If Premium Peanut’s business plan is to shell and process peanuts, it’s raison d’etre is to support Southern Georgia’s peanut farmers. Though not a formal co-op, Premium Peanuts counts over 260 farmers in 28 counties across South Georgia as shareholders. While being a shareholder in Premium Peanut doesn’t necessarily mean the farmers get paid more for their crop, it does give them something that can be even more valuable – stability.

As Karl Zimmer, Premium Peanut’s CEO, says, “With us, they know that if they bought a thousand shares of the company, they have a home for a thousand tons of farmers’ stock peanuts every year. We will buy them, we will warehouse them. They know they will get 100% of the value for that product, whether they get it as an upfront payment, at harvest, which we call an option payment, or they get it at the end of the year as a dividend of the profits that we make.”
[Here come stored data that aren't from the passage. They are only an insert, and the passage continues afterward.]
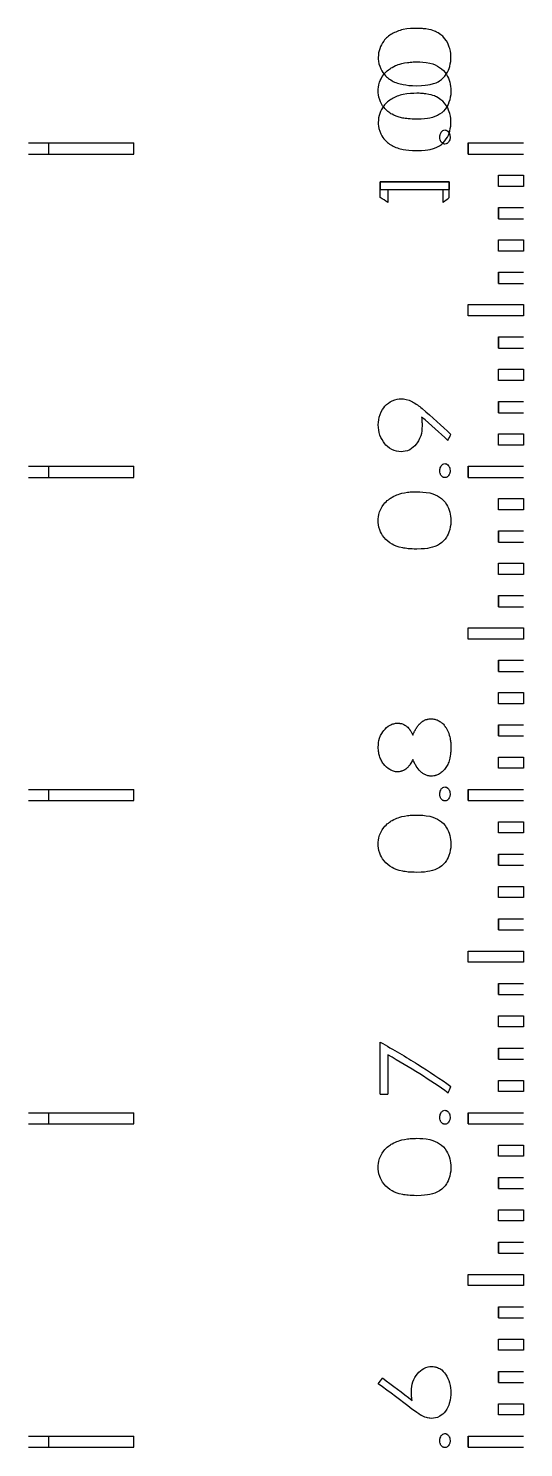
# Model space of a CAD drawing. Header units: inches. Extents: x -0.24 to 0.24, y -1.88 to 1.97.
# Drawn here: x -0.176 to 0.176, y 0.044 to 1.053 of the extents above; entities that cross this region are included whole.
import ezdxf

# ---------------------------------------------------------------- set-up
doc = ezdxf.new("R2010")
doc.units = ezdxf.units.IN
doc.layers.get('0').update_dxf_attribs({"linetype": 'CONTINUOUS'})

msp = doc.modelspace()

# ---------------------------------------------------------------- linework, layer by layer
for p, q in [((-0.176, 0.972), (-0.101, 0.972)), ((-0.1618, 0.972), (-0.1618, 0.964)), ((-0.101, 0.964), (-0.101, 0.972)), ((0.1367, 0.972), (0.176, 0.972)), ((-0.176, 0.964), (-0.101, 0.964)), ((0.1367, 0.964), (0.176, 0.964)), ((0.0741, 0.9442), (0.0741, 0.9388)), ((0.0741, 0.9331), (0.0741, 0.9442)), ((0.1232, 0.9331), (0.1232, 0.9442)), ((0.1232, 0.9442), (0.1232, 0.9388)), ((0.0741, 0.9388), (0.1187, 0.9388)), ((0.0796, 0.9388), (0.1232, 0.9388)), ((0.0796, 0.9388), (0.0796, 0.9295)), ((0.1187, 0.9388), (0.1187, 0.9295)), ((0.1581, 0.926), (0.176, 0.926)), ((0.1581, 0.918), (0.176, 0.918)), ((0.1581, 0.88), (0.176, 0.88)), ((0.1581, 0.872), (0.176, 0.872)), ((0.1581, 0.834), (0.176, 0.834)), ((0.1581, 0.826), (0.176, 0.826)), ((0.1581, 0.788), (0.176, 0.788)), ((0.1581, 0.78), (0.176, 0.78)), ((-0.176, 0.742), (-0.101, 0.742)), ((-0.1618, 0.742), (-0.1618, 0.734)), ((-0.101, 0.734), (-0.101, 0.742)), ((0.1367, 0.742), (0.176, 0.742)), ((-0.176, 0.734), (-0.101, 0.734)), ((0.1367, 0.734), (0.176, 0.734)), ((0.1581, 0.696), (0.176, 0.696)), ((0.1581, 0.688), (0.176, 0.688)), ((0.1581, 0.65), (0.176, 0.65)), ((0.1581, 0.642), (0.176, 0.642)), ((0.1581, 0.604), (0.176, 0.604)), ((0.1581, 0.596), (0.176, 0.596)), ((0.1581, 0.558), (0.176, 0.558)), ((0.1581, 0.55), (0.176, 0.55)), ((-0.176, 0.512), (-0.101, 0.512)), ((-0.1618, 0.512), (-0.1618, 0.504)), ((-0.101, 0.504), (-0.101, 0.512)), ((0.1367, 0.512), (0.176, 0.512)), ((-0.176, 0.504), (-0.101, 0.504)), ((0.1367, 0.504), (0.176, 0.504)), ((0.1581, 0.466), (0.176, 0.466)), ((0.1581, 0.458), (0.176, 0.458)), ((0.1581, 0.42), (0.176, 0.42)), ((0.1581, 0.412), (0.176, 0.412)), ((0.1581, 0.374), (0.176, 0.374)), ((0.1581, 0.366), (0.176, 0.366)), ((0.0741, 0.2953), (0.0741, 0.3322)), ((0.0796, 0.3231), (0.0796, 0.2953)), ((0.1581, 0.328), (0.176, 0.328)), ((0.1581, 0.32), (0.176, 0.32)), ((0.0741, 0.2953), (0.0796, 0.2953)), ((-0.176, 0.282), (-0.101, 0.282)), ((-0.176, 0.274), (-0.101, 0.274)), ((-0.1618, 0.282), (-0.1618, 0.274)), ((-0.101, 0.274), (-0.101, 0.282)), ((0.1367, 0.282), (0.176, 0.282)), ((0.1367, 0.274), (0.176, 0.274)), ((0.1581, 0.236), (0.176, 0.236)), ((0.1581, 0.228), (0.176, 0.228)), ((0.1581, 0.19), (0.176, 0.19)), ((0.1581, 0.182), (0.176, 0.182)), ((0.1581, 0.144), (0.176, 0.144)), ((0.1581, 0.136), (0.176, 0.136)), ((0.1581, 0.098), (0.176, 0.098)), ((0.1581, 0.09), (0.176, 0.09)), ((-0.176, 0.052), (-0.101, 0.052)), ((-0.1618, 0.052), (-0.1618, 0.044)), ((-0.101, 0.044), (-0.101, 0.052)), ((0.1367, 0.052), (0.176, 0.052)), ((-0.176, 0.044), (-0.101, 0.044)), ((0.1367, 0.044), (0.176, 0.044))]:
    msp.add_line(p, q)
for points in [[(0.1367, 0.972), (0.1367, 0.964)], [(0.0741, 0.9442), (0.1232, 0.9442)], [(0.1581, 0.949), (0.176, 0.949), (0.176, 0.941), (0.1581, 0.941)], [(0.1581, 0.926), (0.1581, 0.918)], [(0.1581, 0.903), (0.176, 0.903), (0.176, 0.895), (0.1581, 0.895)], [(0.1581, 0.88), (0.1581, 0.872)], [(0.1367, 0.857), (0.176, 0.857), (0.176, 0.849), (0.1367, 0.849)], [(0.1581, 0.834), (0.1581, 0.826)], [(0.1581, 0.811), (0.176, 0.811), (0.176, 0.803), (0.1581, 0.803)], [(0.1581, 0.788), (0.1581, 0.78)], [(0.1581, 0.765), (0.176, 0.765), (0.176, 0.757), (0.1581, 0.757)], [(0.1367, 0.742), (0.1367, 0.734)], [(0.1581, 0.719), (0.176, 0.719), (0.176, 0.711), (0.1581, 0.711)], [(0.1581, 0.696), (0.1581, 0.688)], [(0.1581, 0.673), (0.176, 0.673), (0.176, 0.665), (0.1581, 0.665)], [(0.1581, 0.65), (0.1581, 0.642)], [(0.1367, 0.627), (0.176, 0.627), (0.176, 0.619), (0.1367, 0.619)], [(0.1581, 0.604), (0.1581, 0.596)], [(0.1581, 0.581), (0.176, 0.581), (0.176, 0.573), (0.1581, 0.573)], [(0.1581, 0.558), (0.1581, 0.55)], [(0.1581, 0.535), (0.176, 0.535), (0.176, 0.527), (0.1581, 0.527)], [(0.1367, 0.512), (0.1367, 0.504)], [(0.1581, 0.489), (0.176, 0.489), (0.176, 0.481), (0.1581, 0.481)], [(0.1581, 0.466), (0.1581, 0.458)], [(0.1581, 0.443), (0.176, 0.443), (0.176, 0.435), (0.1581, 0.435)], [(0.1581, 0.42), (0.1581, 0.412)], [(0.1367, 0.397), (0.176, 0.397), (0.176, 0.389), (0.1367, 0.389)], [(0.1581, 0.374), (0.1581, 0.366)], [(0.1581, 0.351), (0.176, 0.351), (0.176, 0.343), (0.1581, 0.343)], [(0.1581, 0.328), (0.1581, 0.32)], [(0.1581, 0.305), (0.176, 0.305), (0.176, 0.297), (0.1581, 0.297)], [(0.1367, 0.282), (0.1367, 0.274)], [(0.1581, 0.259), (0.176, 0.259), (0.176, 0.251), (0.1581, 0.251)], [(0.1581, 0.236), (0.1581, 0.228)], [(0.1581, 0.213), (0.176, 0.213), (0.176, 0.205), (0.1581, 0.205)], [(0.1581, 0.19), (0.1581, 0.182)], [(0.1367, 0.167), (0.176, 0.167), (0.176, 0.159), (0.1367, 0.159)], [(0.1581, 0.144), (0.1581, 0.136)], [(0.1581, 0.121), (0.176, 0.121), (0.176, 0.113), (0.1581, 0.113)], [(0.1581, 0.098), (0.1581, 0.09)], [(0.1581, 0.075), (0.176, 0.075), (0.176, 0.067), (0.1581, 0.067)], [(0.1367, 0.052), (0.1367, 0.044)]]:
    msp.add_lwpolyline(points, close=True)
for centre, major_axis, ratio, start_param, end_param in [((-0.0252, 0.9313), (-0.2077, 0.1069), 0.216906, 4.298479, 4.328826), ((-0.0396, 0.9313), (0.2157, 0.0897), 0.34142, 5.384861, 5.415208), ((-0.1602, 0.7624), (0.2867, 0.3529), 0.52626, 5.11078, 5.121992), ((-0.2746, 0.2984), (0.3451, 0.5415), 0.554309, 5.047922, 5.056021), ((-0.0716, 0.0912), (0.2517, 0.3054), 0.292369, 4.942244, 4.955444)]:
    msp.add_ellipse(centre, major_axis=major_axis, ratio=ratio, start_param=start_param, end_param=end_param)
for points, knots in [([(0.1001, 1.0534), (0.0974, 1.0533), (0.094, 1.0533), (0.0872, 1.0518), (0.0846, 1.0507), (0.0803, 1.0482), (0.0782, 1.0465), (0.0753, 1.0428), (0.0744, 1.0409), (0.073, 1.0369), (0.0727, 1.035), (0.0727, 1.0327)], [-0.1041501, -0.1041501, -0.1041501, -0.1041501, -0.0807657, -0.0807657, -0.0586746, -0.0586746, -0.0352729, -0.0352729, -0.0177305, -0.0177305, 0, 0, 0, 0]), ([(0.1243, 1.0327), (0.1243, 1.0343), (0.1242, 1.0365), (0.1232, 1.0403), (0.1225, 1.0423), (0.1194, 1.0472), (0.1174, 1.0488), (0.1147, 1.0506), (0.1134, 1.0512), (0.1114, 1.052), (0.1094, 1.0526), (0.1052, 1.0532), (0.1042, 1.0532), (0.1025, 1.0533), (0.1012, 1.0534), (0.1001, 1.0534)], [-0.05564608, -0.05564608, -0.05564608, -0.05564608, -0.0468896, -0.0468896, -0.04262605, -0.04262605, -0.03710661, -0.03710661, -0.02892229, -0.02892229, -0.01686502, -0.01686502, -0.01095235, -0.01095235, 0, 0, 0, 0]), ([(0.0727, 1.0327), (0.0727, 1.0312), (0.0728, 1.029), (0.0746, 1.0239), (0.0758, 1.0221), (0.0781, 1.0192), (0.0801, 1.0175), (0.0849, 1.0148), (0.0875, 1.014), (0.0926, 1.013), (0.0956, 1.0126), (0.1001, 1.0126)], [-0.2342191, -0.2342191, -0.2342191, -0.2342191, -0.1955621, -0.1955621, -0.1575839, -0.1575839, -0.0998033, -0.0998033, -0.0415217, -0.0415217, 0, 0, 0, 0]), ([(0.1001, 1.0126), (0.105, 1.0127), (0.1076, 1.013), (0.113, 1.0142), (0.1151, 1.0153), (0.1181, 1.0173), (0.1197, 1.0189), (0.1222, 1.0226), (0.123, 1.0245), (0.1242, 1.0289), (0.1243, 1.0311), (0.1243, 1.0327)], [-0.04051557, -0.04051557, -0.04051557, -0.04051557, -0.03680281, -0.03680281, -0.03043587, -0.03043587, -0.0205326, -0.0205326, -0.01211017, -0.01211017, 0, 0, 0, 0]), ([(0.0727, 1.0088), (0.0727, 1.0104), (0.0728, 1.0126), (0.0741, 1.0164), (0.075, 1.0185), (0.0788, 1.0234), (0.0812, 1.0249), (0.0844, 1.0267), (0.0859, 1.0273), (0.0881, 1.0281), (0.0904, 1.0287), (0.0949, 1.0293), (0.0959, 1.0294), (0.0977, 1.0295), (0.0989, 1.0295), (0.1001, 1.0295)], [-0.05564608, -0.05564608, -0.05564608, -0.05564608, -0.0468896, -0.0468896, -0.04262605, -0.04262605, -0.03710661, -0.03710661, -0.02892229, -0.02892229, -0.01686502, -0.01686502, -0.01095235, -0.01095235, 0, 0, 0, 0]), ([(0.1001, 1.0295), (0.1027, 1.0295), (0.106, 1.0294), (0.1123, 1.028), (0.1145, 1.0269), (0.1182, 1.0243), (0.1199, 1.0227), (0.1222, 1.0189), (0.123, 1.0171), (0.124, 1.0131), (0.1243, 1.0112), (0.1243, 1.0088)], [-0.1041501, -0.1041501, -0.1041501, -0.1041501, -0.0807657, -0.0807657, -0.0586746, -0.0586746, -0.0352729, -0.0352729, -0.0177305, -0.0177305, 0, 0, 0, 0]), ([(0.1001, 0.9888), (0.0951, 0.9888), (0.0923, 0.9892), (0.0864, 0.9903), (0.0839, 0.9915), (0.0804, 0.9934), (0.0784, 0.995), (0.0754, 0.9988), (0.0744, 1.0007), (0.0728, 1.0051), (0.0727, 1.0072), (0.0727, 1.0088)], [-0.04051557, -0.04051557, -0.04051557, -0.04051557, -0.03680281, -0.03680281, -0.03043587, -0.03043587, -0.0205326, -0.0205326, -0.01211017, -0.01211017, 0, 0, 0, 0]), ([(0.1001, 1.0072), (0.0974, 1.0072), (0.094, 1.0071), (0.0872, 1.0057), (0.0846, 1.0046), (0.0803, 1.002), (0.0782, 1.0004), (0.0753, 0.9966), (0.0744, 0.9948), (0.073, 0.9908), (0.0727, 0.9888), (0.0727, 0.9865)], [-0.1041501, -0.1041501, -0.1041501, -0.1041501, -0.0807657, -0.0807657, -0.0586746, -0.0586746, -0.0352729, -0.0352729, -0.0177305, -0.0177305, 0, 0, 0, 0]), ([(0.1243, 1.0088), (0.1243, 1.0074), (0.1242, 1.0051), (0.1228, 1), (0.1219, 0.9983), (0.12, 0.9954), (0.1184, 0.9937), (0.1142, 0.991), (0.112, 0.9901), (0.1073, 0.9892), (0.1046, 0.9888), (0.1001, 0.9888)], [-0.2342191, -0.2342191, -0.2342191, -0.2342191, -0.1955621, -0.1955621, -0.1575839, -0.1575839, -0.0998033, -0.0998033, -0.0415217, -0.0415217, 0, 0, 0, 0]), ([(0.1243, 0.9865), (0.1243, 0.9881), (0.1242, 0.9903), (0.1232, 0.9941), (0.1225, 0.9962), (0.1194, 1.0011), (0.1174, 1.0026), (0.1147, 1.0044), (0.1134, 1.005), (0.1114, 1.0058), (0.1094, 1.0064), (0.1052, 1.007), (0.1042, 1.0071), (0.1025, 1.0072), (0.1012, 1.0072), (0.1001, 1.0072)], [-0.05564608, -0.05564608, -0.05564608, -0.05564608, -0.0468896, -0.0468896, -0.04262605, -0.04262605, -0.03710661, -0.03710661, -0.02892229, -0.02892229, -0.01686502, -0.01686502, -0.01095235, -0.01095235, 0, 0, 0, 0]), ([(0.0727, 0.9865), (0.0727, 0.9851), (0.0728, 0.9828), (0.0746, 0.9777), (0.0758, 0.976), (0.0781, 0.9731), (0.0801, 0.9714), (0.0849, 0.9686), (0.0875, 0.9678), (0.0926, 0.9668), (0.0956, 0.9665), (0.1001, 0.9665)], [-0.2342191, -0.2342191, -0.2342191, -0.2342191, -0.1955621, -0.1955621, -0.1575839, -0.1575839, -0.0998033, -0.0998033, -0.0415217, -0.0415217, 0, 0, 0, 0]), ([(0.1001, 0.9665), (0.105, 0.9665), (0.1076, 0.9669), (0.113, 0.968), (0.1151, 0.9692), (0.1181, 0.9711), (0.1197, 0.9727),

That stability can make the difference between buying a new harvester or struggling with the worn-out one on hand. Shareholder farmer Elton Brooks explained, “I can plan ahead four or five years and know where I’ll have peanuts five years from now. It’s made me feel better about going out and buying several hundred thousand dollars’ worth of new equipment.”

Milk money

In Brattleboro, Vermont, dairy farmers face similar issues. Dairy farms have always been a major part of Vermont’s culture and economy, but economic conditions post-recession made it difficult for dairy farmers to make a living, with the number of dairy farms in the state decreasing by nearly two-thirds between 2000 and 2010. Concurrent with the loss of dairy farms was a loss of in-state dairy processors, leaving the remaining farms with limited arenas to sell their milk.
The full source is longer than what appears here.